Anthropic / Claude Proxy

Point the Anthropic SDK at /api/v1. The proxy handles the /messages path and forwards the x-api-key and anthropic-version headers.

import anthropic

client = anthropic.Anthropic(
    base_url="http://localhost:3000/api/v1",
    api_key="sk-ant-...",
    default_headers={"x-kalmia-project": "my-project"},
)

message = client.messages.create(
    model="claude-sonnet-4-20250514",
    max_tokens=1024,
    messages=[{"role": "user", "content": "Hello!"}],
)
print(message.content[0].text)

Streaming

Both the SDK wrappers and the proxy support streaming. The SDK captures the full response after the stream completes. The proxy passes SSE chunks through in real-time.

# Streaming works transparently with wrapped clients
stream = client.chat.completions.create(
    model="gpt-4o",
    messages=[{"role": "user", "content": "Tell me a story"}],
    stream=True,
)
for chunk in stream:
    if chunk.choices[0].delta.content:
        print(chunk.choices[0].delta.content, end="")
# Span is auto-created when stream ends

Direct Trace Ingestion

Already have traces in Braintrust format?

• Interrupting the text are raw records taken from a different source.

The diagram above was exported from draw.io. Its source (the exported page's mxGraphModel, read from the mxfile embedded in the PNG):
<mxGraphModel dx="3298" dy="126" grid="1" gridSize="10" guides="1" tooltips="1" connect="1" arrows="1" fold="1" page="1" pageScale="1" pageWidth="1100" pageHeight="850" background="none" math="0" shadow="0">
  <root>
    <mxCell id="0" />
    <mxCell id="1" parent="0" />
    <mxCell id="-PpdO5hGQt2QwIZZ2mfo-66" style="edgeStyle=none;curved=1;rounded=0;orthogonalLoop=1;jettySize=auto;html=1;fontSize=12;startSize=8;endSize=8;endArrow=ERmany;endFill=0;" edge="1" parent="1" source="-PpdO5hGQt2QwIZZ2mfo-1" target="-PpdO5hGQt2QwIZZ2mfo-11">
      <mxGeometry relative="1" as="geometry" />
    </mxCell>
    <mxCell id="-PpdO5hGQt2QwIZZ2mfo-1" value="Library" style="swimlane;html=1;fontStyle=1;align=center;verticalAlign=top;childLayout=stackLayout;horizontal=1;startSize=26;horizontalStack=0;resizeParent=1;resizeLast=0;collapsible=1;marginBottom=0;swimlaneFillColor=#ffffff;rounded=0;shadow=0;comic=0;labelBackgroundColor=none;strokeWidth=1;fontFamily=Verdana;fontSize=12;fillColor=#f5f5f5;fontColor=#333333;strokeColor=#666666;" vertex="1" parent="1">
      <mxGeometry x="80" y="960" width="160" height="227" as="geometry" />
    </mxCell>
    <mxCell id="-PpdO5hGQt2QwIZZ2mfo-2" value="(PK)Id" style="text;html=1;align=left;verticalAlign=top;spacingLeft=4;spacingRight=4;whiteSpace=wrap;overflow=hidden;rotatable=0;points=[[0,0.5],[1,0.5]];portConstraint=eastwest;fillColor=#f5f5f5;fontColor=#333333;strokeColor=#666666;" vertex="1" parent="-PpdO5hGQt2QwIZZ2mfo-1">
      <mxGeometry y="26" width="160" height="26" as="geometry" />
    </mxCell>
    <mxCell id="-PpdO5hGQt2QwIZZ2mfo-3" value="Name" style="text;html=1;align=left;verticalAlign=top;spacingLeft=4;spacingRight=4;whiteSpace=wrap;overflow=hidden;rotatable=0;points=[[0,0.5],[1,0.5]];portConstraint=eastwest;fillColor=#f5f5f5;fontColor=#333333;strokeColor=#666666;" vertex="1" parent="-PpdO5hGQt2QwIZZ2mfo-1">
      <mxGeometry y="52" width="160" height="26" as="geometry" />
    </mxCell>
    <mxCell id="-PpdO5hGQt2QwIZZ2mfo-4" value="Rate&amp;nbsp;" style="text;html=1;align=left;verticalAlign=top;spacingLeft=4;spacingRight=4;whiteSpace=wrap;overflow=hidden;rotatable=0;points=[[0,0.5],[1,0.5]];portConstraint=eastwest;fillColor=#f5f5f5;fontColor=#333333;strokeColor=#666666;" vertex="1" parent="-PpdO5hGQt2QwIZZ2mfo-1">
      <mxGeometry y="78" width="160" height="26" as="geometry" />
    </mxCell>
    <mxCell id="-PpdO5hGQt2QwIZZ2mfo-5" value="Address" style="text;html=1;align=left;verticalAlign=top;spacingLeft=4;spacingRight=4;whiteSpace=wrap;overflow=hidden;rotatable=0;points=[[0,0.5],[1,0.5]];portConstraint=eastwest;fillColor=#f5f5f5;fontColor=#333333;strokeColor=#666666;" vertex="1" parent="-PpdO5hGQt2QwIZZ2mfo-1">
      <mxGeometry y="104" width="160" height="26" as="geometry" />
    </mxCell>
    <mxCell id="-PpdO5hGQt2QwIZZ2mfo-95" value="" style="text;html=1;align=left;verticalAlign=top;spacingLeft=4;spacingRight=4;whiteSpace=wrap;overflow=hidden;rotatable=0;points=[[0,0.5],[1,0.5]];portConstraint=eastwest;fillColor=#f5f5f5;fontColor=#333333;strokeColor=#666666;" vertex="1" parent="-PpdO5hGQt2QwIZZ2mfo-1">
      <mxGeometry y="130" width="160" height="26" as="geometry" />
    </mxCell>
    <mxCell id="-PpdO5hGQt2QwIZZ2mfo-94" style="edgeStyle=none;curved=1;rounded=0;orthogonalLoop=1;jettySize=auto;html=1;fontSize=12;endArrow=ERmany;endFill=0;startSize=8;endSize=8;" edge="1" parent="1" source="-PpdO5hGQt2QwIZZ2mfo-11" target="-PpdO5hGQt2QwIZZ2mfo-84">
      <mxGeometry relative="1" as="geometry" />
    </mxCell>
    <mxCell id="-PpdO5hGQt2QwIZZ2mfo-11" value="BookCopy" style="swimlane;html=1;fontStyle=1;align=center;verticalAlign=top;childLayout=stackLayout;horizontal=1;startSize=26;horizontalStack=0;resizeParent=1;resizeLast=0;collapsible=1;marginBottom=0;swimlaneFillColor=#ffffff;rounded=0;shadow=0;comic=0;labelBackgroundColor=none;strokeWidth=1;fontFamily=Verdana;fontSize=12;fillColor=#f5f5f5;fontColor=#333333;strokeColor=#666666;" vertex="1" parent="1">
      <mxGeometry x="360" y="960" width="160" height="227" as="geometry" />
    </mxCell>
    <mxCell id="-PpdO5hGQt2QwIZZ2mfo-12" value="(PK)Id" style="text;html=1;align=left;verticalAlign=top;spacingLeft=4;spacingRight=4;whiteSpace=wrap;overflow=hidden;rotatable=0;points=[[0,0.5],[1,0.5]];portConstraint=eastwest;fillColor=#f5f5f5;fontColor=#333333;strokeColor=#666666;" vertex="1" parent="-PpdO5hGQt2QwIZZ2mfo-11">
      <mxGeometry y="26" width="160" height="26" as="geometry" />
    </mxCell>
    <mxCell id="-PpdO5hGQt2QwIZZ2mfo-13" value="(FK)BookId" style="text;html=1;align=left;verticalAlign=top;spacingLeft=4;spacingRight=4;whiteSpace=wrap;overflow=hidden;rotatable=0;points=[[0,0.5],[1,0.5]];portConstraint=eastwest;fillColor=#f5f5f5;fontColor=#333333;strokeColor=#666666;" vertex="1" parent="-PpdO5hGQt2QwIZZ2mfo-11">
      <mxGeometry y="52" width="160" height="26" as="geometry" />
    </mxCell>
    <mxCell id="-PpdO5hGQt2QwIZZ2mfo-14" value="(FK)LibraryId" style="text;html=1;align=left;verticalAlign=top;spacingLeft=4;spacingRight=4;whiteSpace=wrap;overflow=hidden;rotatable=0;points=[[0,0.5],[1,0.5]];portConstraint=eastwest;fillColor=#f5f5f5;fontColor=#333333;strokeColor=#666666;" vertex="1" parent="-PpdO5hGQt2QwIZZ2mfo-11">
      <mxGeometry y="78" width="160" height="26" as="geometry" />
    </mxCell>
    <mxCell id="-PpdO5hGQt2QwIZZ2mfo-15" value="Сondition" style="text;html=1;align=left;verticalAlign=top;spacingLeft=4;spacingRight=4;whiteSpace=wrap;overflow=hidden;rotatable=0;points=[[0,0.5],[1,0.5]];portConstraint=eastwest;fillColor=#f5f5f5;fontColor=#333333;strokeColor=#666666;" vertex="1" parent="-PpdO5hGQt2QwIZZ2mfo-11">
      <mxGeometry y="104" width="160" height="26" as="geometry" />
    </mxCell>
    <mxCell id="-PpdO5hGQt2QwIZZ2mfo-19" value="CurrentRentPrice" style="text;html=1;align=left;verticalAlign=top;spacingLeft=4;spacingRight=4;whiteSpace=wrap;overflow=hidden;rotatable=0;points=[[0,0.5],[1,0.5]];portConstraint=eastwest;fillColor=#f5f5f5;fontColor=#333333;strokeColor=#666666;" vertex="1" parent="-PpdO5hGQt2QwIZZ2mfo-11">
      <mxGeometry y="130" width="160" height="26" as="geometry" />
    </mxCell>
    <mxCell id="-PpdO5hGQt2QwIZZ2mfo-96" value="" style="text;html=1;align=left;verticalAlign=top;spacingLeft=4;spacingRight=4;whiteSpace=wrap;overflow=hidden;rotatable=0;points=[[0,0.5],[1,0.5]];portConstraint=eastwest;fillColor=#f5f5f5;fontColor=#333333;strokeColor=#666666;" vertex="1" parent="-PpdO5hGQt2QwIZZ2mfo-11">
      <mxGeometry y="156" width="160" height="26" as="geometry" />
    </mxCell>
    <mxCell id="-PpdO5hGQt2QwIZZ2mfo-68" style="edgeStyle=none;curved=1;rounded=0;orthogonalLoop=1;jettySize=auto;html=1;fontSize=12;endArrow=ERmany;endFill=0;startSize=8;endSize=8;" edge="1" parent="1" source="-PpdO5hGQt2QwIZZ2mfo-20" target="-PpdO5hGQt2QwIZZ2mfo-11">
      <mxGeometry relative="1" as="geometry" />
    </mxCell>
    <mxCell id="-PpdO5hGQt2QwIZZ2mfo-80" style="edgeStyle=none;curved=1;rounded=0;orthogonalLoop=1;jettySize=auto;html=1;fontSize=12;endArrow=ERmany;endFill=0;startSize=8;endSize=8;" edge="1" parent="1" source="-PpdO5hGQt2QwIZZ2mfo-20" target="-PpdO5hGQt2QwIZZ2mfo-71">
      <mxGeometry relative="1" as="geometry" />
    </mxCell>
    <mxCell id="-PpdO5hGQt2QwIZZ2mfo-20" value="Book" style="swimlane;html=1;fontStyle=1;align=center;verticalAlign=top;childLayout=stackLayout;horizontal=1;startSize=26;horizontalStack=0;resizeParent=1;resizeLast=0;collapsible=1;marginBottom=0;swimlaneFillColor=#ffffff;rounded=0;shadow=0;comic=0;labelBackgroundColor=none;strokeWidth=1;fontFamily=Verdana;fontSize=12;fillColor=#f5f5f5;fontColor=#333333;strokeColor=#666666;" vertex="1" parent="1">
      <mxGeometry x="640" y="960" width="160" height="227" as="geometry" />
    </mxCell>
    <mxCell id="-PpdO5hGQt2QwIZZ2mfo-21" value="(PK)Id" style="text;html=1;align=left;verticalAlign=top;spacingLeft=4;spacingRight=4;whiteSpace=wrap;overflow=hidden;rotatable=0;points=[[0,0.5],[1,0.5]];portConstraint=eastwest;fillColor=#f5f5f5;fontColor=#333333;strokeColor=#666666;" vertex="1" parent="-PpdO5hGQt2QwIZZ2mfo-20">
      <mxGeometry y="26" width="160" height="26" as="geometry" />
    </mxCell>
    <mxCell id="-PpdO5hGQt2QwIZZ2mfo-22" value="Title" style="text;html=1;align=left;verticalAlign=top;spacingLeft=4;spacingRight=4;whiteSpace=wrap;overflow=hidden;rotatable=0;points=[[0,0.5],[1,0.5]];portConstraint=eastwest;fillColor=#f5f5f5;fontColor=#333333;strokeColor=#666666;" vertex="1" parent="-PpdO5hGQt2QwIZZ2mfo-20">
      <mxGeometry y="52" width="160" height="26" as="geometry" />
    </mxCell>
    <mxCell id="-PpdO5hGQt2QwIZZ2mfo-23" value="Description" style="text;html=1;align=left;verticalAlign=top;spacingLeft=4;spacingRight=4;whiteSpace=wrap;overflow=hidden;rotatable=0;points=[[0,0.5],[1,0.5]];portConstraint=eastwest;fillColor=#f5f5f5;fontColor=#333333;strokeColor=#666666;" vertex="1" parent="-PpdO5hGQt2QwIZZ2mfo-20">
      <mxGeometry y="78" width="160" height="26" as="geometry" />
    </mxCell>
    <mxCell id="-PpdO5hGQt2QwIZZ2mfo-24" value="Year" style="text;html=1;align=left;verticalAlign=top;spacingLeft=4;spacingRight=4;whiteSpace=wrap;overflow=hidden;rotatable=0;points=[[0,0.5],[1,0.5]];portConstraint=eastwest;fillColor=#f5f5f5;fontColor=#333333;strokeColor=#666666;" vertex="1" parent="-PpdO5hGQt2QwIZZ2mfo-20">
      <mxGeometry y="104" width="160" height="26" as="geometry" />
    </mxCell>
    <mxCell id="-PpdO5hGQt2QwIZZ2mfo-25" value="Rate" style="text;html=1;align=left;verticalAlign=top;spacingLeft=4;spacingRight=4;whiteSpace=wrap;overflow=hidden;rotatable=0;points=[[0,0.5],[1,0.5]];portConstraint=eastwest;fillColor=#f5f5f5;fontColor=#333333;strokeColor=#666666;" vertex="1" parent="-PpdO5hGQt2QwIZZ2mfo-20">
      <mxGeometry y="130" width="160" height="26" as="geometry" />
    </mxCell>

Post them directly to the ingestion endpoint. Accepts a single trace object or an array.

curl -X POST http://localhost:3000/api/v1/traces/ingest \
  -H "Content-Type: application/json" \
  -d '[{
    "id": "trace-1",
    "project_id": "my-project",
    "input": [{"role": "user", "content": "Hello"}],
    "output": "Hi there!",
    "metadata": {"provider": "openai", "model": "gpt-4o"},
    "spans": [{
      "id": "span-1",
      "span_id": "span-1",
      "root_span_id": "span-1",
      "name": "openai chat",
      "input": [{"role": "user", "content": "Hello"}],
      "output": "Hi there!",
      "span_attributes": {"type": "llm"},
      "metrics": {"prompt_tokens": 10, "completion_tokens": 5}
    }]
  }]'

Projects

Traces are grouped into projects. With the SDK, set project_name in init_logger(). With the proxy, use the x-kalmia-project header. Each project gets its own Experiment in the dashboard.

SDKinit_logger(project_name="...")
Proxy headerx-kalmia-project
Defaultdefault
Experiment name{project} (Proxy)

Traces for the same project are grouped into one experiment. New traces append to the existing experiment rather than creating duplicates.

API Reference

All endpoints are served from your Kalmia instance. Replace localhost:3000 with your deployed URL in production.

POST/api/v1/chat/completions

OpenAI-compatible proxy. Forwards to api.openai.com and captures trace.

POST/api/v1/messages

Anthropic-compatible proxy. Forwards to api.anthropic.com and captures trace.

POST/api/v1/traces/ingest

Ingest pre-built trace objects. Accepts a single trace or an array.

GET/api/v1/traces

List captured traces. Supports ?project= and ?provider= query filters.

GET/api/experiments

List all experiments, including auto-created proxy experiments.